Мимо прошли Людмил и София, вид у них был довольно потерянный. Вскоре появилась и худая фигура в шляпе. Как приезжий от солнца ни прятался, не уберегся: его веснушчатое лицо пошло красными пятнами. Гуров подумал, что человеку, видимо, солнце совсем противопоказано, посмотрел ему вслед, мгновенно нагнулся, якобы развязалась кроссовка, матюгнулся.
— Фи, милорд!
— Извините, миледи! Понимаешь, сыщик не имеет права поворачиваться вслед объекту. Это закон. Я нарушил, чуть не поплатился. Он тоже повернулся. Хорошо, я успел нагнуться. А то бы получился цирк: один поворачивается, а другой отворачивается.
После этого следует только пожать друг другу руки и обменяться визитками.
Появился лейтенант. Он так устал, что его качало.
— Извини, спички есть? — Гуров протянул руку, вложил в ладонь лейтенанта зажигалку, якобы взял ее, чиркнул и прикурил. — Отдыхать. Ложитесь спать до завтрашнего утра.
— А пальма? Ее же наблюдать требуется круглосуточно.
— Выполняйте приказ, лейтенант! — Гуров хлопнул парня по плечу, пошел следом за Марией.
У входа в административное здание они столкнулись с Еланчуком, на лице которого блуждала растерянная улыбка.
— Во-первых, вновь прибывший немец интересовался у администратора автобусом, в котором он якобы забыл очешник. Врет! С утра должен был сто раз хватиться очков. Когда ему сообщили, что автобус вернется лишь через два дня, он не упал лишь потому, что держался за стойку.
— Прекрасно, Юрий, ты умница, — сказал Гуров, хотя пять минут назад понял, что ошпаренный солнцем мужчина скорее всего и есть проверяющий.
— Скажи честно. Лев Иванович, ты любишь Эдгара По?
Гуров неопределенно пожал плечами, ожидая продолжения.
Но Еланчук лишь погрозил ему пальцем, сказал иное:
— Тебя срочно просят к Назих-бею, — и, не прощаясь, ушел.
— Вам обоим требуется психиатр, — вздохнула Мария. — И не разовая встреча, а длительное стационарное обследование. Гуров! — Она тряхнула его за плечо. — Эта лестница идет вверх, тебе необходимо поднять ногу.
— А я писаю и улыбаюсь. Потом снова писаю и снова улыбаюсь, пробормотал Гуров, опомнился и пояснил: — Реклама детских подгузников по телевизору. Так что мне рано в стационар, я — нормальная жертва.
— В больницах и лежат жертвы. Здоровые люди гуляют на свободе. Ты пойдешь к своему турку, а мне снова сидеть с развеселой компанией? — Мария указала на веранду, откуда доносился русский говор.
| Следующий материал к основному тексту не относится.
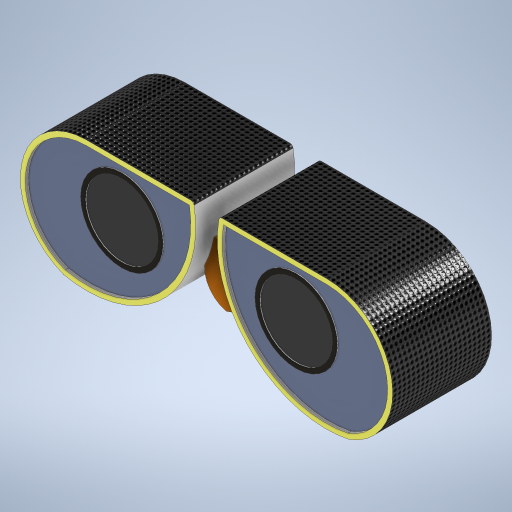
# Autodesk Inventor part: Project eyes
Saved by Autodesk Inventor 2024 (Build 280153000, 153)
## iProperties
Created: 2023-06-27
Part Number: Project eyes
Material: Generic
Document SubType Name: Modeling
Designer: hardi
Density: 1 g/cm^3
Appearance: Default
Author: hardi
Autodesk Inventor part; units mm, degrees
ref_plane "YZ Plane" through (0, 0, 0) normal (1, 0, 0) x (0, 1, 0)
ref_plane "XZ Plane" through (0, 0, 0) normal (0, 1, 0) x (-1, 0, 0)
ref_plane "XY Plane" through (0, 0, 0) normal (0, 0, 1) x (1, 0, 0)
sketch "Sketch1" plane through (0, 0, 0) normal (0, 0, 1) x (1, 0, 0)
  line L0 (1.6571, 0) -> (65, 0)
  arc A0 (78.6808, -77.5877) -> (65, 0) centre (65, -40) ccw
  line L1 (65, -40) -> (78.6808, -77.5877) construction
  line L2 (65, -40) -> (65, 0) construction
  arc A1 (-0.3126, -1.6535) -> (78.6808, -77.5877) centre (64.6893, -13.0878) ccw
  arc A2 (1.6571, 0) -> (-0.3126, -1.6535) centre (1.6571, -2) ccw
  line L3 (65, -3) -> (2.5022, -3)
  arc A3 (2.5022, -3) -> (77.8443, -74.699) centre (64.6893, -13.0878) ccw
  arc A4 (77.8443, -74.699) -> (65, -3) centre (65, -40) ccw
  point P0 (0, 0)
  dimension "d4" = 65
  dimension "d5" = 160
  dimension "d6" = 66
  dimension "d8" = 2
  dimension "d11" = 3
  constraints: 11 point on circle, 8 end point, 5 centre point, 2 tangent, 1 horizontal, 1 point on line, 2 other
  measures "d4" distance of point (0, 0) L0.end
  measures "d5" angle of L1 L2
  measures "d6" radius of A1
  measures "d8" radius of A2
  measures "d11" distance between parallel lines of L0 L3
extrude "Extrusion1" add sketch "Sketch1" against normal blind 60 contours L0 A0 A1 A2 | A4 A3 L3
extrude "Extrusion2" cut sketch "Sketch1" against normal blind 2 contours A4 A3 L3
sketch "Sketch3" plane through (0, 0, -2) normal (0, 0, 1) x (1, 0, 0)
  circle A0 centre (45, -33) radius 25
  circle A1 centre (45, -33) radius 22
  point P0 (0, 0)
  dimension "d14" = 50
  dimension "d15" = 3
  constraints: 2 centre point
  measures "d14" diameter of A0
  measures "d15" radial gap between concentric circles of A0 A1
extrude "Extrusion3" add sketch "Sketch3" along normal blind 0.5
ref_plane "Work Plane1" through (0, 0, -32) normal (0, 0, 1) x (1, 0, 0)
sketch "Sketch4" plane through (0, 0, -32) normal (0, 0, 1) x (1, 0, 0)
  arc A0 (-0.3126, -1.6535) -> (78.6808, -77.5877) centre (64.6893, -13.0878) ccw projected
  line L0 (-0.3126, -24.5221) -> (-7.8126, -24.5221)
  line L1 (-7.8126, -24.5221) -> (-7.8126, -59.5221)
  arc A1 (-7.8126, -59.5221) -> (5.3698, -42.0221) centre (-11.6048, -42.9504) ccw
  point P0 (0, 0)
  dimension "d19" = 7.5
  dimension "d20" = 35
  dimension "d21" = 17
  constraints: 4 end point, 4 point on circle, 1 centre point, 1 horizontal, 1 perpendicular
  measures "d19" distance of L0.start L0.end
  measures "d20" distance of L0.end L1.end
  measures "d21" radius of A1
extrude "Extrusion4" add sketch "Sketch4" along normal mid plane 40
mirror "Mirror1" about plane through (-7.8126, -24.5221, -32) normal (-1, 0, 0)
body "Solid1"
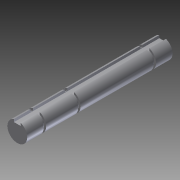
# Autodesk Inventor part: lower box upper shaft
Saved by Autodesk Inventor 2012 (Build 160160000, 160)
## iProperties
Created: 2012-07-06
Part Number: lower box upper shaft
Material: Default
Document SubType Name: Modeling
Designer: Bryce
Density: 1 g/cm^3
Author: Bryce
Autodesk Inventor part; units mm, degrees
sketch "Sketch1" plane through (0, 0, 0) normal (0, 0, 1) x (1, 0, 0)
  circle A0 centre (0, 0) radius 4.7625
  line L0 (-1.5875, 6.35) -> (1.5875, 6.35)
  line L1 (1.5875, 6.35) -> (1.5875, 3.175)
  line L2 (1.5875, 3.175) -> (-1.5875, 3.175)
  line L3 (-1.5875, 3.175) -> (-1.5875, 6.35)
  dimension "d0" = 9.525
  dimension "d16" = 3.175
  dimension "d17" = 3.175
  dimension "d18" = 1.5875
  dimension "d19" = 6.35
  constraints: 8 end point, 2 parallel, 1 centre point, 1 coincident, 1 horizontal, 1 perpendicular
  measures "d0" diameter of A0
  measures "d16" distance of L0.start L0.end
  measures "d17" distance of L0.end L1.end
  measures "d18" distance from line of point (0, 0) L1
  measures "d19" distance from line of point (0, 0) L0
extrude "Extrusion1" add sketch "Sketch1" along normal blind 69.85 contours A0 L3 L2 L1 | L1 L2 L3 A0
ref_plane "Work Plane1" through (0, 0, 61.9125) normal (0, 0, 1) x (1, 0, 0)
sketch "Sketch2" plane through (0, 0, 61.9125) normal (0, 0, 1) x (1, 0, 0)
  circle A0 centre (0, 0) radius 3.81
  circle A1 centre (0, 0) radius 4.7625 projected
  dimension "d4" = 7.62
  constraints: 1 centre point, 1 coincident
  measures "d4" diameter of A0
extrude "Extrusion2" cut sketch "Sketch2" against normal blind 1.143
ref_plane "Work Plane2" through (0, 0, 7.9375) normal (0, 0, -1) x (-1, 0, 0)
sketch "Sketch3" plane through (0, 0, 7.9375) normal (0, 0, -1) x (-1, 0, 0)
  circle A0 centre (0, 0) radius 3.81 projected
  circle A1 centre (0, 0) radius 4.7625 projected
extrude "Extrusion3" cut sketch "Sketch3" against normal blind 1.143
ref_plane "Work Plane3" through (0, 0, 44.2214) normal (0, 0, 1) x (1, 0, 0)
sketch "Sketch4" plane through (0, 0, 44.2214) normal (0, 0, 1) x (1, 0, 0)
  circle A0 centre (0, 0) radius 3.81 projected
  circle A1 centre (0, 0) radius 4.7625 projected
extrude "Extrusion4" cut sketch "Sketch4" along normal blind 1.143
ref_plane "Work Plane4" through (0, 0, 68.1736) normal (0, 0, 1) x (1, 0, 0)
extrude "Extrusion6" cut sketch "Sketch1" along normal through all contours L1 L2 L3 A0 | A0 L3 L0 L1 picked at (-0.1794, 3.694)
equation "\"d17\" = d16"
equation "\"d18\" = 0.5 * d16"
body "Solid1"

Через стекло виднелась рыжая шевелюра Екатерины.
— Я быстренько, скажи друзьям, что я упорно дозваниваюсь в Москву. Гуров проводил Марию до выхода на веранду и пошел в кабинет менеджера.
Господин Назих-бей был в смокинге, отчего казался выше и солидней. Кроме него в кабинете находился еще один мужчина-европеец в светлом полотняном костюме, тщательно причесанный блондин с официальной улыбкой на губах.
Гуров в шортах, кроссовках и с полотенцем на плече выглядел рядом с ним нелепо. Кроме того, Гуров считал разговор лишним.
И хотя безукоризненно владел собой, лицо его было достаточно хмурым.
— Добрый вечер, господа, извините меня за пляжный наряд, — сказал он, совершенно не заботясь о том, понимают его или нет.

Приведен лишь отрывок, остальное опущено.